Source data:
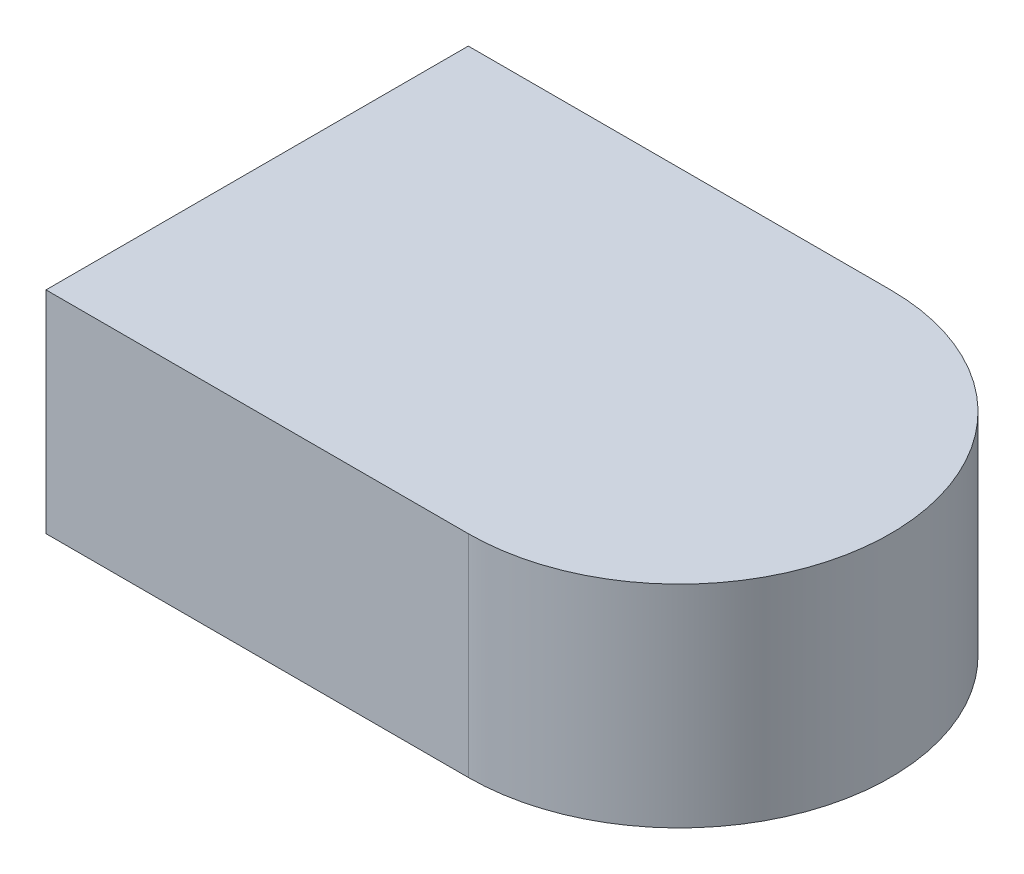
ISO-10303-21;
HEADER;
FILE_DESCRIPTION(('STEP AP214'),'2;1');
FILE_NAME('part.step','',(''),(''),'','','');
FILE_SCHEMA(('AUTOMOTIVE_DESIGN { 1 0 10303 214 1 1 1 1 }'));
ENDSEC;
DATA;
#1=APPLICATION_CONTEXT('core data for automotive mechanical design processes');
#2=APPLICATION_PROTOCOL_DEFINITION('international standard','automotive_design',2000,#1);
#3=PRODUCT_CONTEXT('',#1,'mechanical');
#4=PRODUCT('Part','Part','',(#3));
#5=PRODUCT_RELATED_PRODUCT_CATEGORY('part','',(#4));
#6=PRODUCT_DEFINITION_FORMATION('','',#4);
#7=PRODUCT_DEFINITION_CONTEXT('part definition',#1,'design');
#8=PRODUCT_DEFINITION('design','',#6,#7);
#9=PRODUCT_DEFINITION_SHAPE('','',#8);
#10=(LENGTH_UNIT() NAMED_UNIT(*) SI_UNIT(.MILLI.,.METRE.));
#11=(NAMED_UNIT(*) PLANE_ANGLE_UNIT() SI_UNIT($,.RADIAN.));
#12=(NAMED_UNIT(*) SI_UNIT($,.STERADIAN.) SOLID_ANGLE_UNIT());
#13=UNCERTAINTY_MEASURE_WITH_UNIT(LENGTH_MEASURE(1.E-05),#10,'distance_accuracy_value','');
#14=(GEOMETRIC_REPRESENTATION_CONTEXT(3) GLOBAL_UNCERTAINTY_ASSIGNED_CONTEXT((#13)) GLOBAL_UNIT_ASSIGNED_CONTEXT((#10,
#11,#12)) REPRESENTATION_CONTEXT('',''));
#15=CARTESIAN_POINT('',(0.,0.,0.));
#16=DIRECTION('',(0.,0.,1.));
#17=DIRECTION('',(1.,0.,0.));
#18=AXIS2_PLACEMENT_3D('',#15,#16,#17);
#19=CARTESIAN_POINT('',(0.,0.,0.));
#20=DIRECTION('',(0.,-1.,0.));
#21=DIRECTION('',(-1.,0.,0.));
#22=AXIS2_PLACEMENT_3D('',#19,#20,#21);
#23=PLANE('',#22);
#24=CARTESIAN_POINT('',(-1.05,0.,-1.));
#25=DIRECTION('',(0.,-1.,0.));
#26=DIRECTION('',(0.,0.,-1.));
#27=AXIS2_PLACEMENT_3D('',#24,#25,#26);
#28=CIRCLE('',#27,0.1);
#29=CARTESIAN_POINT('',(-1.05,0.,-1.1));
#30=VERTEX_POINT('',#29);
#31=CARTESIAN_POINT('',(-1.05,0.,-0.9));
#32=VERTEX_POINT('',#31);
#33=EDGE_CURVE('E11',#30,#32,#28,.T.);
#34=ORIENTED_EDGE('',*,*,#33,.T.);
#35=DIRECTION('',(-1.,0.,0.));
#36=VECTOR('',#35,1.);
#37=CARTESIAN_POINT('',(-1.05,0.,-0.9));
#38=LINE('',#37,#36);
#39=CARTESIAN_POINT('',(-1.25,0.,-0.9));
#40=VERTEX_POINT('',#39);
#41=EDGE_CURVE('E25',#32,#40,#38,.T.);
#42=ORIENTED_EDGE('',*,*,#41,.T.);
#43=DIRECTION('',(0.,0.,-1.));
#44=VECTOR('',#43,1.);
#45=CARTESIAN_POINT('',(-1.25,0.,-0.9));
#46=LINE('',#45,#44);
#47=CARTESIAN_POINT('',(-1.25,0.,-1.1));
#48=VERTEX_POINT('',#47);
#49=EDGE_CURVE('E73',#40,#48,#46,.T.);
#50=ORIENTED_EDGE('',*,*,#49,.T.);
#51=DIRECTION('',(1.,0.,0.));
#52=VECTOR('',#51,1.);
#53=CARTESIAN_POINT('',(-1.25,0.,-1.1));
#54=LINE('',#53,#52);
#55=EDGE_CURVE('E99',#48,#30,#54,.T.);
#56=ORIENTED_EDGE('',*,*,#55,.T.);
#57=EDGE_LOOP('',(#34,#42,#50,#56));
#58=FACE_BOUND('',#57,.T.);
#59=ADVANCED_FACE('F17',(#58),#23,.T.);
#60=CARTESIAN_POINT('',(-1.25,0.,-1.1));
#61=DIRECTION('',(0.,0.,1.));
#62=DIRECTION('',(1.,0.,0.));
#63=AXIS2_PLACEMENT_3D('',#60,#61,#62);
#64=PLANE('',#63);
#65=DIRECTION('',(0.,1.,0.));
#66=VECTOR('',#65,1.);
#67=CARTESIAN_POINT('',(-1.25,0.,-1.1));
#68=LINE('',#67,#66);
#69=CARTESIAN_POINT('',(-1.25,0.1,-1.1));
#70=VERTEX_POINT('',#69);
#71=EDGE_CURVE('E95',#48,#70,#68,.T.);
#72=ORIENTED_EDGE('',*,*,#71,.T.);
#73=DIRECTION('',(1.,0.,0.));
#74=VECTOR('',#73,1.);
#75=CARTESIAN_POINT('',(-1.25,0.1,-1.1));
#76=LINE('',#75,#74);
#77=CARTESIAN_POINT('',(-1.05,0.1,-1.1));
#78=VERTEX_POINT('',#77);
#79=EDGE_CURVE('E68',#70,#78,#76,.T.);
#80=ORIENTED_EDGE('',*,*,#79,.T.);
#81=DIRECTION('',(0.,1.,0.));
#82=VECTOR('',#81,1.);
#83=CARTESIAN_POINT('',(-1.05,0.,-1.1));
#84=LINE('',#83,#82);
#85=EDGE_CURVE('E87',#30,#78,#84,.T.);
#86=ORIENTED_EDGE('',*,*,#85,.F.);
#87=ORIENTED_EDGE('',*,*,#55,.F.);
#88=EDGE_LOOP('',(#72,#80,#86,#87));
#89=FACE_BOUND('',#88,.T.);
#90=ADVANCED_FACE('F113',(#89),#64,.F.);
#91=CARTESIAN_POINT('',(-1.05,0.,-1.));
#92=DIRECTION('',(0.,-1.,0.));
#93=DIRECTION('',(-1.,0.,0.));
#94=AXIS2_PLACEMENT_3D('',#91,#92,#93);
#95=CYLINDRICAL_SURFACE('',#94,0.1);
#96=ORIENTED_EDGE('',*,*,#85,.T.);
#97=CARTESIAN_POINT('',(-1.05,0.1,-1.));
#98=DIRECTION('',(0.,-1.,0.));
#99=DIRECTION('',(0.,0.,-1.));
#100=AXIS2_PLACEMENT_3D('',#97,#98,#99);
#101=CIRCLE('',#100,0.1);
#102=CARTESIAN_POINT('',(-1.05,0.1,-0.9));
#103=VERTEX_POINT('',#102);
#104=EDGE_CURVE('E83',#78,#103,#101,.T.);
#105=ORIENTED_EDGE('',*,*,#104,.T.);
#106=DIRECTION('',(0.,1.,0.));
#107=VECTOR('',#106,1.);
#108=CARTESIAN_POINT('',(-1.05,0.,-0.9));
#109=LINE('',#108,#107);
#110=EDGE_CURVE('E60',#32,#103,#109,.T.);
#111=ORIENTED_EDGE('',*,*,#110,.F.);
#112=ORIENTED_EDGE('',*,*,#33,.F.);
#113=EDGE_LOOP('',(#96,#105,#111,#112));
#114=FACE_BOUND('',#113,.T.);
#115=ADVANCED_FACE('F115',(#114),#95,.T.);
#116=CARTESIAN_POINT('',(-1.05,0.,-0.9));
#117=DIRECTION('',(0.,0.,-1.));
#118=DIRECTION('',(-1.,0.,0.));
#119=AXIS2_PLACEMENT_3D('',#116,#117,#118);
#120=PLANE('',#119);
#121=ORIENTED_EDGE('',*,*,#110,.T.);
#122=DIRECTION('',(-1.,0.,0.));
#123=VECTOR('',#122,1.);
#124=CARTESIAN_POINT('',(-1.05,0.1,-0.9));
#125=LINE('',#124,#123);
#126=CARTESIAN_POINT('',(-1.25,0.1,-0.9));
#127=VERTEX_POINT('',#126);
#128=EDGE_CURVE('E53',#103,#127,#125,.T.);
#129=ORIENTED_EDGE('',*,*,#128,.T.);
#130=DIRECTION('',(0.,1.,0.));
#131=VECTOR('',#130,1.);
#132=CARTESIAN_POINT('',(-1.25,0.,-0.9));
#133=LINE('',#132,#131);
#134=EDGE_CURVE('E57',#40,#127,#133,.T.);
#135=ORIENTED_EDGE('',*,*,#134,.F.);
#136=ORIENTED_EDGE('',*,*,#41,.F.);
#137=EDGE_LOOP('',(#121,#129,#135,#136));
#138=FACE_BOUND('',#137,.T.);
#139=ADVANCED_FACE('F55',(#138),#120,.F.);
#140=CARTESIAN_POINT('',(-1.25,0.,-0.9));
#141=DIRECTION('',(1.,0.,0.));
#142=DIRECTION('',(0.,0.,-1.));
#143=AXIS2_PLACEMENT_3D('',#140,#141,#142);
#144=PLANE('',#143);
#145=ORIENTED_EDGE('',*,*,#134,.T.);
#146=DIRECTION('',(0.,0.,-1.));
#147=VECTOR('',#146,1.);
#148=CARTESIAN_POINT('',(-1.25,0.1,-0.9));
#149=LINE('',#148,#147);
#150=EDGE_CURVE('E66',#127,#70,#149,.T.);
#151=ORIENTED_EDGE('',*,*,#150,.T.);
#152=ORIENTED_EDGE('',*,*,#71,.F.);
#153=ORIENTED_EDGE('',*,*,#49,.F.);
#154=EDGE_LOOP('',(#145,#151,#152,#153));
#155=FACE_BOUND('',#154,.T.);
#156=ADVANCED_FACE('F72',(#155),#144,.F.);
#157=CARTESIAN_POINT('',(0.,0.1,0.));
#158=DIRECTION('',(0.,-1.,0.));
#159=DIRECTION('',(-1.,0.,0.));
#160=AXIS2_PLACEMENT_3D('',#157,#158,#159);
#161=PLANE('',#160);
#162=ORIENTED_EDGE('',*,*,#150,.F.);
#163=ORIENTED_EDGE('',*,*,#128,.F.);
#164=ORIENTED_EDGE('',*,*,#104,.F.);
#165=ORIENTED_EDGE('',*,*,#79,.F.);
#166=EDGE_LOOP('',(#162,#163,#164,#165));
#167=FACE_BOUND('',#166,.T.);
#168=ADVANCED_FACE('F67',(#167),#161,.F.);
#169=CLOSED_SHELL('',(#59,#90,#115,#139,#156,#168));
#170=MANIFOLD_SOLID_BREP('B1',#169);
#171=ADVANCED_BREP_SHAPE_REPRESENTATION('',(#18,#170),#14);
#172=SHAPE_DEFINITION_REPRESENTATION(#9,#171);
ENDSEC;
END-ISO-10303-21;

## Activity
Give again only the lines starting at the one that contains "#148=CARTESIAN_POINT('',(-1.25,0.1,-0.9));" and running to the end of the data.

## Response to this task
#148=CARTESIAN_POINT('',(-1.25,0.1,-0.9));
#149=LINE('',#148,#147);
#150=EDGE_CURVE('E66',#127,#70,#149,.T.);
#151=ORIENTED_EDGE('',*,*,#150,.T.);
#152=ORIENTED_EDGE('',*,*,#71,.F.);
#153=ORIENTED_EDGE('',*,*,#49,.F.);
#154=EDGE_LOOP('',(#145,#151,#152,#153));
#155=FACE_BOUND('',#154,.T.);
#156=ADVANCED_FACE('F72',(#155),#144,.F.);
#157=CARTESIAN_POINT('',(0.,0.1,0.));
#158=DIRECTION('',(0.,-1.,0.));
#159=DIRECTION('',(-1.,0.,0.));
#160=AXIS2_PLACEMENT_3D('',#157,#158,#159);
#161=PLANE('',#160);
#162=ORIENTED_EDGE('',*,*,#150,.F.);
#163=ORIENTED_EDGE('',*,*,#128,.F.);
#164=ORIENTED_EDGE('',*,*,#104,.F.);
#165=ORIENTED_EDGE('',*,*,#79,.F.);
#166=EDGE_LOOP('',(#162,#163,#164,#165));
#167=FACE_BOUND('',#166,.T.);
#168=ADVANCED_FACE('F67',(#167),#161,.F.);
#169=CLOSED_SHELL('',(#59,#90,#115,#139,#156,#168));
#170=MANIFOLD_SOLID_BREP('B1',#169);
#171=ADVANCED_BREP_SHAPE_REPRESENTATION('',(#18,#170),#14);
#172=SHAPE_DEFINITION_REPRESENTATION(#9,#171);
ENDSEC;
END-ISO-10303-21;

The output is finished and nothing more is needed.